Fracture properties of slag/fly ash-based geopolymer concrete cured in ambient temperature

Abstract

Slag/fly ash (FA)-based geopolymer cured in ambient temperature as a green alternative to Portland cement is attracting increasing attentions. The fracture properties of slag/FA-based geopolymer concrete (SFGC) was studied by conducting three-point bending (TPB) tests on precut beams. The effects of material parameters including the alkali concentration, the modulus of alkali activator, the slag/FA mass ratio and the liquid/binder ratio on the fracture properties of SFGC were assessed. The results exhibit that the fracture behaviors of SFGC are influenced significantly by the material parameters. The fracture energy and the ultimate load of TPB tests of SFGC beams increase with the increase of the alkali concentration, the modulus of alkali activator as well as the slag/FA ratio while decrease with the increase of liquid/binder ratio.

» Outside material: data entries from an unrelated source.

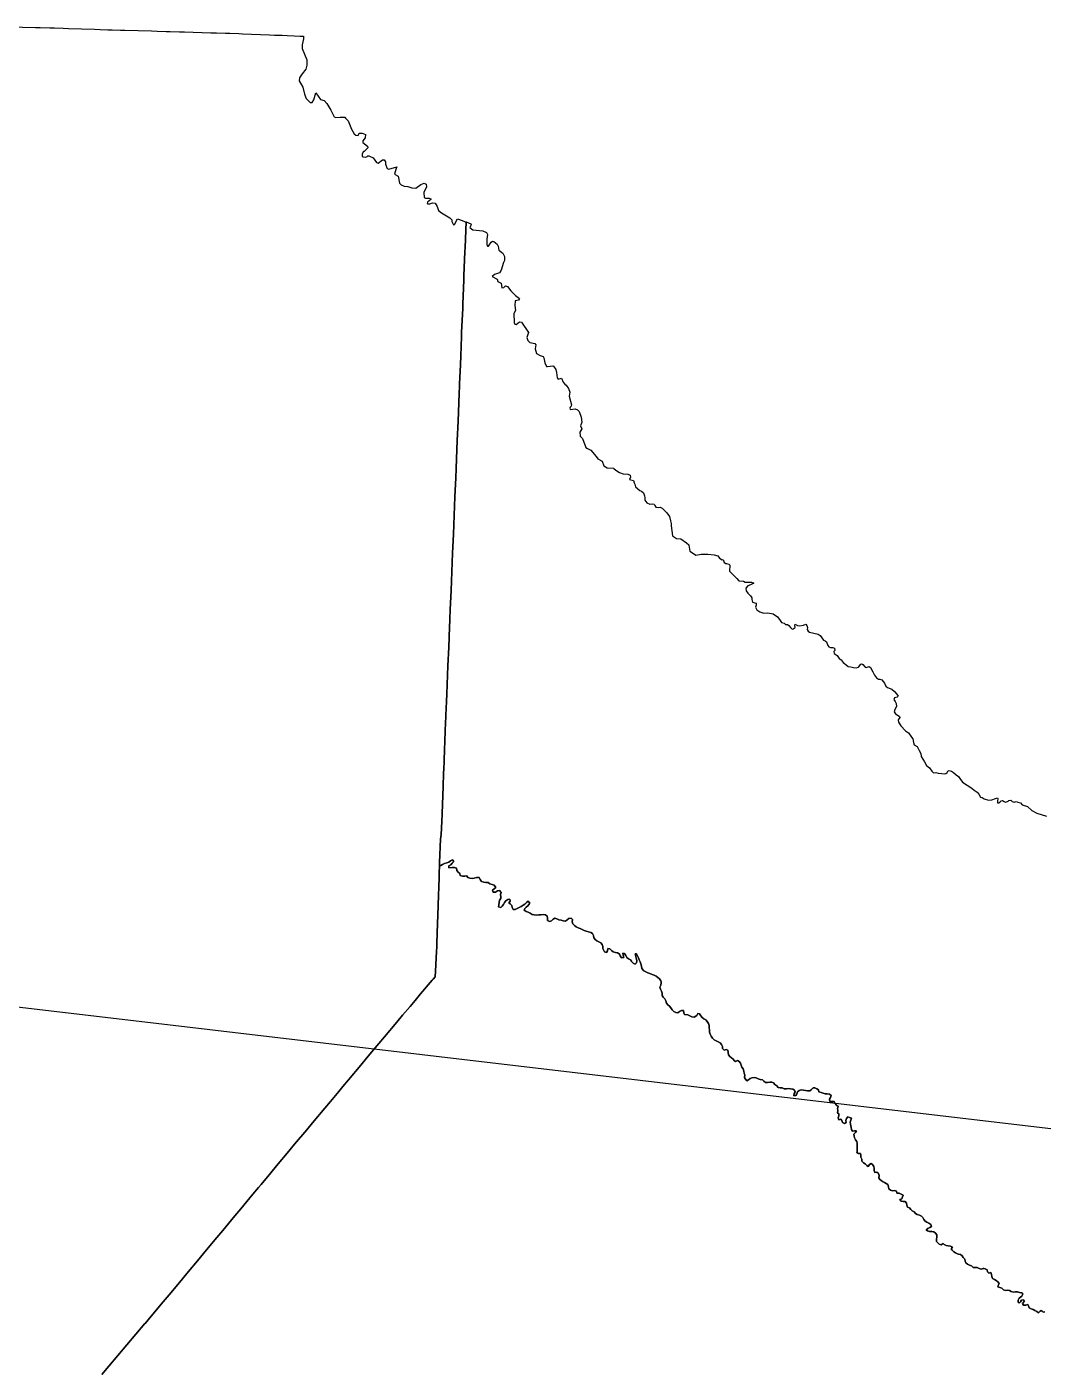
# Model space of a CAD drawing. Extents: x -312 to 667, y -1017 to 963.
# Drawn here: x 138.1 to 295.2, y 739.9 to 947.4 of the extents above; entities that cross this region are included whole.
import ezdxf

# ---------------------------------------------------------------- set-up
doc = ezdxf.new("R2010")
doc.units = 0
doc.header["$MEASUREMENT"] = 0
doc.layers.add('AEROVIAS', color=96, linetype='CONTINUOUS')
doc.layers.add('LINEAS_DE_MAPA', color=7, linetype='CONTINUOUS')

msp = doc.modelspace()

# ---------------------------------------------------------------- linework, layer by layer
at = {"layer": 'AEROVIAS'}
msp.add_line((50.03, 806.08), (298.55, 776.84), dxfattribs=at)
at = {"layer": 'LINEAS_DE_MAPA', "color": 7}
for points in [[(135.41, 947.36), (139.4, 947.27), (140.14, 947.24), (141.61, 947.19), (142.33, 947.19), (143.68, 947.14), (144.49, 947.11), (148.55, 946.99), (149.4, 946.96), (150.61, 946.92), (151.25, 946.91), (152.55, 946.86), (153.21, 946.85), (157.35, 946.72), (158.23, 946.68), (159.59, 946.66), (160.21, 946.63), (161.67, 946.59), (162.4, 946.57), (162.44, 946.57), (166.54, 946.43), (167.4, 946.43), (168.78, 946.39), (169.44, 946.36), (170.83, 946.32), (171.39, 946.28), (175.57, 946.12), (176.38, 946.08), (177.54, 946.05), (178.3, 946.01), (179.42, 945.96), (180.35, 945.91), (180.84, 945.91), (180.85, 945.5), (180.63, 944.6), (180.66, 943.99), (181.35, 942.25), (181.35, 941.61), (181.35, 941.43), (181.19, 940.8), (180.64, 940.12), (180.22, 939.46), (180.19, 939.01), (180.72, 938.04), (180.98, 936.98), (181.26, 936.28), (181.89, 935.65), (182.18, 935.68), (182.45, 936.08), (182.75, 937.15), (183.48, 936.15), (184.03, 935.97), (184.48, 935.49), (185.07, 934.47), (185.58, 933.45), (185.87, 933.37), (186.52, 933.41), (187.23, 933.39), (187.34, 933.27), (187.74, 932.81), (188.25, 931.53), (188.67, 930.8), (188.92, 930.63), (189.3, 930.56), (189.43, 930.95), (189.91, 930.93), (190.41, 930.71), (190.39, 930.19), (190, 929.72), (190, 929.48), (190.76, 928.93), (190.77, 928.66), (190.21, 928.08), (190.15, 928.08), (189.91, 927.74), (189.91, 927.38), (190.08, 927.28), (190.47, 927.2), (190.68, 927.33), (190.77, 927.4), (190.95, 927.42), (191.62, 927.1), (192.16, 926.41), (192.41, 926.31), (193.05, 926.83), (193.32, 926.79), (193.52, 926.51), (193.53, 926.16), (193.76, 925.49), (194.03, 925.35), (195.26, 925.75), (195.13, 925.29), (194.91, 924.61), (195.49, 924.29), (195.68, 923.19), (195.97, 922.96), (196.42, 922.75), (196.99, 922.69), (197.58, 922.49), (198.22, 922.41), (199, 923.02), (199.53, 923.22), (199.81, 923.05), (199.86, 922.65), (199.45, 921.77), (199.5, 920.96), (199.73, 920.86), (200.26, 920.87), (200.54, 920.76), (200.54, 920.7), (200.03, 920.25), (199.95, 920.08), (200.07, 920), (200.36, 919.99), (200.81, 920.16), (201.2, 920.13), (201.52, 919.61), (201.73, 918.99), (202.2, 918.6), (203.45, 917.85), (203.76, 917.51), (203.79, 917.29), (204.03, 916.78), (204.19, 916.82), (204.68, 917.67), (205.4, 917.42), (205.86, 917.25), (205.99, 917.21), (206.72, 916.92), (206.77, 916.77), (206.59, 916.33), (207.02, 915.99), (208.6, 915.82), (209.15, 915.58), (209.28, 915.27), (209.2, 914.56), (209.18, 913.73), (209.29, 913.45), (209.48, 913.48), (209.88, 914.07), (210.07, 914.23), (210.29, 914.2), (210.8, 913.76), (210.93, 913.46), (211.03, 912.82), (211.21, 912.72), (211.52, 912.49), (211.69, 912.38), (211.94, 911.87), (211.93, 911.25), (211.79, 910.92), (211.41, 909.75), (211.18, 909.35), (210.38, 909.11), (210.01, 908.77), (210.8, 908.35), (210.92, 908.02), (211.42, 907.76), (211.51, 907.04), (211.82, 907.1), (212.08, 907.32), (212.37, 907.24), (212.92, 906.56), (213.62, 905.83), (214.26, 905.35), (214.08, 905.1), (213.59, 905.03), (213.52, 904.28), (213.61, 903.51), (213.37, 903.04), (213.4, 901.66), (213.53, 901.39), (213.73, 901.37), (214.25, 901.79), (214.58, 901.73), (215.62, 900.11), (215.36, 899.36), (215.52, 898.88), (215.85, 898.58), (216.63, 898.43), (216.79, 898.24), (216.66, 897.6), (216.89, 896.87), (217.44, 896.56), (217.9, 896.42), (218.03, 896.22), (218.19, 895.41), (218.44, 894.88), (218.59, 894.87), (219.39, 894.98), (219.53, 894.91), (219.89, 894.38), (219.95, 893.96), (220.07, 893.1), (220.22, 892.9), (220.73, 893.04), (220.99, 892.46), (221.26, 892.11), (221.44, 891.97), (221.85, 891.48), (222.04, 890.9), (221.94, 890.29), (222.29, 888.94), (222.26, 888.75), (222.1, 888.58), (222.01, 888.42), (222.08, 888.29), (222.11, 888.24), (222.86, 888.3), (223.2, 888.16), (223.48, 887.89), (223.77, 887.02), (223.87, 886.25), (223.69, 885.71), (223.89, 885.25), (223.59, 884.7), (223.64, 884.12), (223.98, 883.76), (224.49, 882.37), (224.74, 882.17), (225.29, 881.96), (226.11, 880.97), (226.38, 880.6), (227.02, 880.22), (227.29, 879.51), (227.82, 879.2), (228.76, 879.17), (228.84, 879.08), (229.14, 878.83), (229.72, 878.48), (230.28, 878.3), (230.99, 878.25), (231.37, 878.08), (231.39, 877.78), (231.24, 877.39), (231.9, 877.23), (232, 876.9), (232.07, 876.68), (232.2, 876.28), (232.84, 875.7), (233.13, 875.59), (233.43, 875.35), (233.57, 874.9), (233.61, 874.56), (233.65, 874.19), (233.94, 873.82), (234.41, 873.61), (234.8, 873.62), (235.05, 873.61), (235.16, 873.39), (235.34, 873.15), (235.75, 873.09), (236, 873.12), (236.31, 872.95), (236.35, 872.9), (237.02, 872.26), (237.45, 871.68), (237.62, 871.03), (237.68, 870.58), (237.69, 870.22), (237.9, 868.69), (238.54, 868.29), (239.21, 868.23), (240.06, 867.59), (240.41, 867.28), (240.44, 867.26), (240.59, 866.35), (241.16, 865.96), (241.49, 865.73), (242.35, 865.85), (243.36, 865.86), (244.36, 865.76), (244.9, 865.61), (245.19, 865.22), (245.59, 865), (245.76, 865.02), (245.91, 864.59), (246.17, 864.42), (246.27, 864.4), (246.6, 864.34), (246.77, 864.16), (246.79, 863.84), (246.7, 863.52), (246.74, 863.24), (247, 862.95), (247.34, 862.6), (247.83, 862.08), (248.19, 861.73), (248.88, 861.69), (249.12, 861.53), (250.13, 861.54), (250.48, 861.4), (249.98, 861.11), (249.58, 860.96), (249.27, 860.59), (249.29, 860.18), (249.55, 859.84), (249.97, 859.44), (250.15, 859.11), (250.2, 858.83), (250.26, 858.45), (250.82, 858.27), (250.84, 857.97), (250.75, 857.66), (250.97, 857.25), (251.43, 856.97), (252.01, 856.76), (252.66, 856.8), (253.48, 856.62), (254.15, 856.16), (254.56, 855.6), (254.77, 855.31), (255.18, 855.18), (255.37, 855.01), (255.71, 854.99), (255.92, 854.81), (256.13, 854.52), (256.39, 854.29), (256.6, 854.3), (256.74, 854.4), (256.87, 854.55), (256.81, 854.88), (256.88, 855.05), (257.24, 854.85), (257.6, 854.77), (258.14, 854.91), (258.51, 855.05), (258.68, 854.83), (258.77, 854.52), (258.75, 854.2), (258.87, 853.97), (259.07, 853.83), (260.41, 853.51), (260.75, 853.29), (261.26, 852.57), (261.49, 852.44), (261.7, 852.3), (261.93, 851.73), (262.07, 851.52), (262.34, 851.45), (262.71, 851.44), (262.98, 851.33), (263, 850.99), (262.87, 850.81), (262.9, 850.49), (263.39, 850.18), (263.7, 849.74), (264.01, 849.54), (264.29, 849.13), (264.52, 848.95), (264.77, 848.78), (265.05, 848.51), (265.48, 848.44), (265.91, 848.33), (266.32, 848.28), (266.67, 848.39), (267.03, 848.86), (267.17, 848.9), (267.35, 848.82), (267.68, 848.4), (267.88, 848.36), (268.33, 848.51), (268.55, 848.33), (268.89, 847.66), (269.14, 847.14), (269.43, 846.77), (269.74, 846.54), (269.95, 846.55), (270.28, 846.45), (270.46, 846.19), (270.71, 845.93), (270.91, 845.44), (271.13, 845.26), (271.8, 844.98), (272.23, 844.65), (272.57, 844.28), (272.78, 843.9), (272.66, 843.77), (272.24, 843.64), (272.15, 843.42), (272.36, 843.08), (272.49, 842.77), (272.53, 842.31), (272.31, 841.85), (272.21, 841.51), (272.37, 841.2), (272.64, 841.01), (272.99, 840.79), (273.05, 840.62), (272.81, 840.25), (272.86, 839.9), (273.23, 839.35), (273.96, 838.58), (274.39, 838.27), (274.87, 837.6), (275.07, 837.3), (275.16, 836.77), (275.3, 836.41), (275.72, 836.11), (276.05, 835.53), (276.29, 835.05), (276.36, 834.57), (276.87, 833.75), (277.2, 833.2), (277.65, 832.82), (278.02, 832.33), (278.28, 832.08), (278.62, 832.1), (278.98, 832.03), (279.55, 831.98), (279.93, 831.91), (280.19, 831.97), (280.39, 832.14), (280.47, 832.34), (280.71, 832.42), (281.07, 832.34), (281.35, 832.11), (281.78, 831.76), (282.15, 831.52), (282.35, 831.21), (282.74, 830.63), (283.49, 830.18), (284.22, 829.67), (284.54, 829.36), (285.02, 829.07), (285.28, 828.78), (285.54, 828.32), (285.8, 828.23), (286.12, 828.03), (286.76, 827.86), (287.31, 827.91), (287.83, 828.12), (288.16, 828.19), (288.22, 828.04), (288.15, 827.73), (288.17, 827.43), (288.35, 827.44), (288.54, 827.54), (288.73, 827.73), (288.93, 827.8), (289.19, 827.62), (289.3, 827.59), (289.46, 827.53), (289.79, 827.69), (289.94, 827.81), (290.22, 827.84), (290.45, 827.64), (290.72, 827.52), (291.07, 827.61), (291.29, 827.51), (291.74, 827.42), (292, 827.1), (292.78, 826.86), (293.46, 826.25), (294.26, 825.85), (295.73, 825.38)], [(135.41, 947.36), (139.4, 947.27), (140.14, 947.24), (141.61, 947.19), (142.33, 947.19), (143.68, 947.14), (144.49, 947.11), (148.55, 946.99), (149.4, 946.96), (150.61, 946.92), (151.25, 946.91), (152.55, 946.86), (153.21, 946.85), (157.35, 946.72), (158.23, 946.68), (159.59, 946.66), (160.21, 946.63), (161.67, 946.59), (162.4, 946.57), (162.44, 946.57), (166.54, 946.43), (167.4, 946.43), (168.78, 946.39), (169.44, 946.36), (170.83, 946.32), (171.39, 946.28), (175.57, 946.12), (176.38, 946.08), (177.54, 946.05), (178.3, 946.01), (179.42, 945.96), (180.35, 945.91), (180.84, 945.91), (180.85, 945.5), (180.63, 944.6), (180.66, 943.99), (181.35, 942.25), (181.35, 941.61), (181.35, 941.43), (181.19, 940.8), (180.64, 940.12), (180.22, 939.46), (180.19, 939.01), (180.72, 938.04), (180.98, 936.98), (181.26, 936.28), (181.89, 935.65), (182.18, 935.68), (182.45, 936.08), (182.75, 937.15), (183.48, 936.15), (184.03, 935.97), (184.48, 935.49), (185.07, 934.47), (185.58, 933.45), (185.87, 933.37), (186.52, 933.41), (187.23, 933.39), (187.34, 933.27), (187.74, 932.81), (188.25, 931.53), (188.67, 930.8), (188.92, 930.63), (189.3, 930.56), (189.43, 930.95), (189.91, 930.93), (190.41, 930.71), (190.39, 930.19), (190, 929.72), (190, 929.48), (190.76, 928.93), (190.77, 928.66), (190.21, 928.08), (190.15, 928.08), (189.91, 927.74), (189.91, 927.38), (190.08, 927.28), (190.47, 927.2), (190.68, 927.33), (190.77, 927.4), (190.95, 927.42), (191.62, 927.1), (192.16, 926.41), (192.41, 926.31), (193.05, 926.83), (193.32, 926.79), (193.52, 926.51), (193.53, 926.16), (193.76, 925.49), (194.03, 925.35), (195.26, 925.75), (195.13, 925.29), (194.91, 924.61), (195.49, 924.29), (195.68, 923.19), (195.97, 922.96), (196.42, 922.75), (196.99, 922.69), (197.58, 922.49), (198.22, 922.41), (199, 923.02), (199.53, 923.22), (199.81, 923.05), (199.86, 922.65), (199.45, 921.77), (199.5, 920.96), (199.73, 920.86), (200.26, 920.87), (200.54, 920.76), (200.54, 920.7), (200.03, 920.25), (199.95, 920.08), (200.07, 920), (200.36, 919.99), (200.81, 920.16), (201.2, 920.13), (201.52, 919.61), (201.73, 918.99), (202.2, 918.6), (203.45, 917.85), (203.76, 917.51), (203.79, 917.29), (204.03, 916.78), (204.19, 916.82), (204.68, 917.67), (205.4, 917.42), (205.86, 917.25), (205.99, 917.21), (205.84, 913.24), (205.82, 912.62), (205.66, 908.87), (205.64, 908.25), (205.48, 904.5), (205.46, 903.88), (205.3, 900.14), (205.28, 899.5), (205.22, 897.97), (205.16, 896.53), (205.1, 895.13), (205.02, 893.17), (204.98, 892.17), (204.96, 891.8), (204.96, 891.79), (204.92, 890.76), (204.8, 887.81), (204.74, 886.4), (204.62, 883.45), (204.56, 882.03), (204.44, 879.09), (204.38, 877.66), (204.26, 874.73), (204.2, 873.3), (204.08, 870.38), (204.02, 868.94), (203.9, 866.02), (203.84, 864.57), (203.72, 861.67), (203.66, 860.22), (203.55, 857.32), (203.49, 855.86), (203.47, 855.56), (203.44, 854.67), (203.37, 852.96), (203.31, 851.5), (203.19, 848.62), (203.13, 847.14), (203.01, 844.27), (202.96, 843.09), (202.95, 842.79), (202.93, 842.36), (202.86, 840.61), (202.83, 839.92), (202.77, 838.44), (202.65, 835.58), (202.59, 834.08), (202.53, 832.44), (202.52, 832.27), (202.51, 832.1), (202.51, 831.92), (202.5, 831.75), (202.5, 831.58), (202.49, 831.41), (202.48, 831.23), (202.48, 831.06), (202.47, 830.89), (202.46, 830.72), (202.46, 830.54), (202.45, 830.37), (202.45, 830.2), (202.44, 830.02), (202.43, 829.85), (202.43, 829.68), (202.42, 829.51), (202.42, 829.33), (202.41, 829.16), (202.4, 828.99), (202.4, 828.81), (202.39, 828.64), (202.38, 828.47), (202.38, 828.29), (202.37, 828.12), (202.37, 827.95), (202.36, 827.78), (202.35, 827.6), (202.35, 827.43), (202.34, 827.26), (202.34, 827.09), (202.33, 826.91), (202.32, 826.74), (202.32, 826.57), (202.31, 826.39), (202.3, 826.22), (202.3, 826.05), (202.29, 825.88), (202.29, 825.7), (202.28, 825.53), (202.27, 825.36), (202.27, 825.19), (202.26, 825.01), (202.26, 824.99), (202.26, 824.84), (202.24, 824.52), (202.11, 822.55), (202.05, 821.81), (201.9, 818.21), (201.88, 817.66), (201.87, 817.46), (201.84, 816.77), (201.81, 815.89), (201.81, 815.86), (201.76, 814.43), (201.72, 813.12), (201.62, 810.09), (201.57, 808.77), (201.48, 805.76), (201.45, 805.15), (201.41, 804.43), (201.24, 801.42), (201.19, 800.56), (200.89, 800.2), (200.75, 800.03), (198.95, 797.9), (198.09, 796.88), (197.32, 795.97), (196.16, 794.59), (195.29, 793.55), (193.37, 791.26), (192.5, 790.22), (190.59, 787.94), (189.72, 786.89), (187.81, 784.61), (186.93, 783.56), (186.3, 782.81), (185.03, 781.29), (184.15, 780.23), (182.25, 777.97), (181.36, 776.91), (179.47, 774.65), (178.79, 773.84), (178.57, 773.58), (176.68, 771.33), (175.79, 770.26), (174.28, 768.45), (173.91, 768), (173.01, 766.93), (171.14, 764.67), (170.24, 763.6), (168.37, 761.35), (167.47, 760.26), (165.6, 758.02), (164.7, 756.93), (162.83, 754.69), (162.34, 754.1), (161.92, 753.6), (160.05, 751.38), (159.13, 750.29), (157.27, 748.09), (156.34, 746.98), (156.32, 746.96), (153.55, 743.67), (153.54, 743.65), (150.76, 740.36), (150.75, 740.35), (149.66, 739.05)], [(295.47, 748.76), (295.2, 748.69), (295.08, 748.85), (294.9, 748.99), (294.78, 748.84), (294.52, 748.62), (294.25, 748.79), (293.96, 748.97), (293.66, 749.1), (293.35, 749.24), (293.05, 749.38), (292.97, 749.69), (292.85, 749.88), (292.54, 749.77), (292.2, 749.79), (292.04, 750.04), (292.31, 750.36), (292.23, 750.6), (291.89, 750.56), (291.73, 750.28), (291.58, 750.15), (291.38, 750.22), (291.37, 750.58), (291.52, 750.85), (291.91, 751.16), (292.07, 751.48), (291.92, 751.68), (291.59, 751.77), (291.27, 751.87), (290.95, 751.83), (290.62, 751.8), (290.3, 751.88), (290, 752.04), (289.68, 752.11), (289.35, 752.05), (289.07, 752.17), (288.83, 752.41), (288.5, 752.5), (288.2, 752.61), (288.28, 752.85), (288.44, 753.13), (288.24, 753.37), (287.97, 753.59), (287.69, 753.76), (287.39, 753.9), (287.27, 754.21), (287.24, 754.54), (287.13, 754.84), (286.81, 754.76), (286.6, 754.93), (286.57, 755.24), (286.28, 755.42), (286.05, 755.44), (285.96, 755.45), (285.64, 755.35), (285.33, 755.47), (285.02, 755.59), (284.77, 755.61), (284.71, 755.61), (284.38, 755.63), (284.32, 755.69), (284.13, 755.85), (283.83, 755.96), (283.54, 756.12), (283.26, 756.32), (283.17, 756.6), (283.1, 756.91), (282.86, 757.15), (282.7, 757.43), (282.46, 757.62), (282.15, 757.67), (281.96, 757.7), (281.68, 757.88), (281.4, 758.04), (281.16, 758.27), (281.02, 758.48), (281.19, 758.73), (280.88, 758.89), (280.56, 758.96), (280.23, 759.03), (279.94, 759.16), (279.76, 759.33), (279.47, 759.13), (279.16, 759.2), (278.93, 759.44), (278.73, 759.64), (278.74, 759.98), (278.77, 760.32), (278.79, 760.64), (278.6, 760.92), (278.32, 761.1), (278, 761.18), (277.67, 761.16), (277.33, 761.26), (277.11, 761.43), (277.37, 761.66), (277.69, 761.79), (277.95, 761.96), (277.84, 762.28), (277.55, 762.44), (277.26, 762.6), (276.98, 762.79), (276.78, 763.04), (276.6, 763.33), (276.39, 763.57), (276.08, 763.69), (275.76, 763.8), (275.46, 763.94), (275.27, 764.22), (274.97, 764.35), (274.76, 764.59), (274.56, 764.83), (274.23, 764.93), (274.12, 765.22), (274.11, 765.56), (273.91, 765.79), (273.57, 765.79), (273.25, 765.88), (273.07, 766.13), (273.39, 766.21), (273.49, 766.52), (273.57, 766.79), (273.25, 766.93), (272.96, 767.08), (272.62, 767.12), (272.52, 767.43), (272.25, 767.51), (271.92, 767.45), (271.6, 767.55), (271.36, 767.76), (271.3, 768.09), (271.22, 768.42), (270.96, 768.58), (270.67, 768.74), (270.38, 768.91), (270.13, 769.1), (269.99, 769.23), (269.81, 769.49), (269.88, 769.83), (269.74, 770.12), (269.49, 770.36), (269.21, 770.3), (269.07, 770.61), (269.11, 770.93), (269.02, 771.23), (268.86, 771.53), (268.62, 771.71), (268.37, 771.51), (268.15, 771.24), (267.94, 771.36), (267.72, 771.61), (267.45, 771.81), (267.21, 772.02), (267.19, 772.35), (267.03, 772.64), (267.03, 772.97), (266.99, 773.23), (266.65, 773.22), (266.43, 773.41), (266.45, 773.54), (266.48, 773.76), (266.45, 774.09), (266.46, 774.42), (266.47, 774.75), (266.39, 775.07), (266.19, 775.36), (266.03, 775.63), (266.02, 775.96), (265.93, 776.23), (266.19, 776.45), (266.38, 776.71), (266.05, 776.71), (265.72, 776.66), (265.57, 776.93), (265.56, 777.27), (265.49, 777.53), (265.43, 777.74), (265.4, 778.07), (265.46, 778.4), (265.59, 778.69), (265.28, 778.79), (265.03, 778.88), (264.81, 778.63), (264.7, 778.35), (264.74, 778.02), (264.48, 777.85), (264.2, 778.02), (264.1, 778.35), (263.93, 778.56), (263.64, 778.45), (263.52, 778.75), (263.64, 779.05), (263.65, 779.35), (263.41, 779.53), (263.47, 779.87), (263.41, 780.19), (263.53, 780.49), (263.26, 780.69), (263.07, 780.96), (262.91, 781.25), (262.58, 781.28), (262.25, 781.29), (262.16, 781.61), (262.36, 781.87), (262.42, 782.21), (262.17, 782.39), (261.84, 782.45), (261.51, 782.47), (261.19, 782.54), (260.88, 782.66), (260.56, 782.76), (260.46, 783.07), (260.25, 783.25), (259.93, 783.38), (259.64, 783.37), (259.38, 783.14), (259.13, 782.91), (258.8, 782.94), (258.48, 782.99), (258.15, 783.03), (257.82, 783.05), (257.49, 782.98), (257.24, 782.78), (257.14, 782.46), (256.98, 782.18), (256.69, 782.16), (256.71, 782.48), (256.9, 782.76), (256.79, 783.04), (256.49, 783.18), (256.16, 783.22), (255.84, 783.3), (255.51, 783.24), (255.2, 783.22), (254.89, 783.37), (254.56, 783.39), (254.25, 783.45), (254.02, 783.69), (253.75, 783.89), (253.54, 784.15), (253.27, 784.27), (252.95, 784.24), (252.62, 784.18), (252.29, 784.19), (252.04, 784.4), (251.8, 784.62), (251.47, 784.69), (251.16, 784.79), (251.05, 784.83), (250.84, 784.9), (250.53, 784.99), (250.2, 784.94), (249.9, 784.83), (249.66, 784.59), (249.41, 784.47), (249.17, 784.71), (249.02, 785), (249.07, 785.33), (249.01, 785.65), (248.92, 785.97), (248.82, 786.29), (248.65, 786.57), (248.53, 786.88), (248.43, 787.19), (248.21, 787.47), (247.96, 787.61), (247.64, 787.44), (247.43, 787.58), (247.29, 787.82), (247.04, 788.02), (246.77, 788.23), (246.56, 788.5), (246.52, 788.84), (246.46, 789.19), (246.23, 789.32), (245.88, 789.21), (245.66, 789.44), (245.63, 789.78), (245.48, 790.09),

The Bažant and Becq-Giraduon model predicts well whereas the CEB-FIP model underestimates the fracture energy of SFGC beams. Besides, the characteristic length of SFGC decreases with the increase of compressive strength regardless of the mix proportion, and is higher than the prediction for Portland cement concrete (PCC) given the similar compressive strength, suggesting that SFGC might be more ductile. In addition, the relationships between compressive strength, splitting tensile strength, elastic modulus and material parameters of SFGC specimens are also discussed.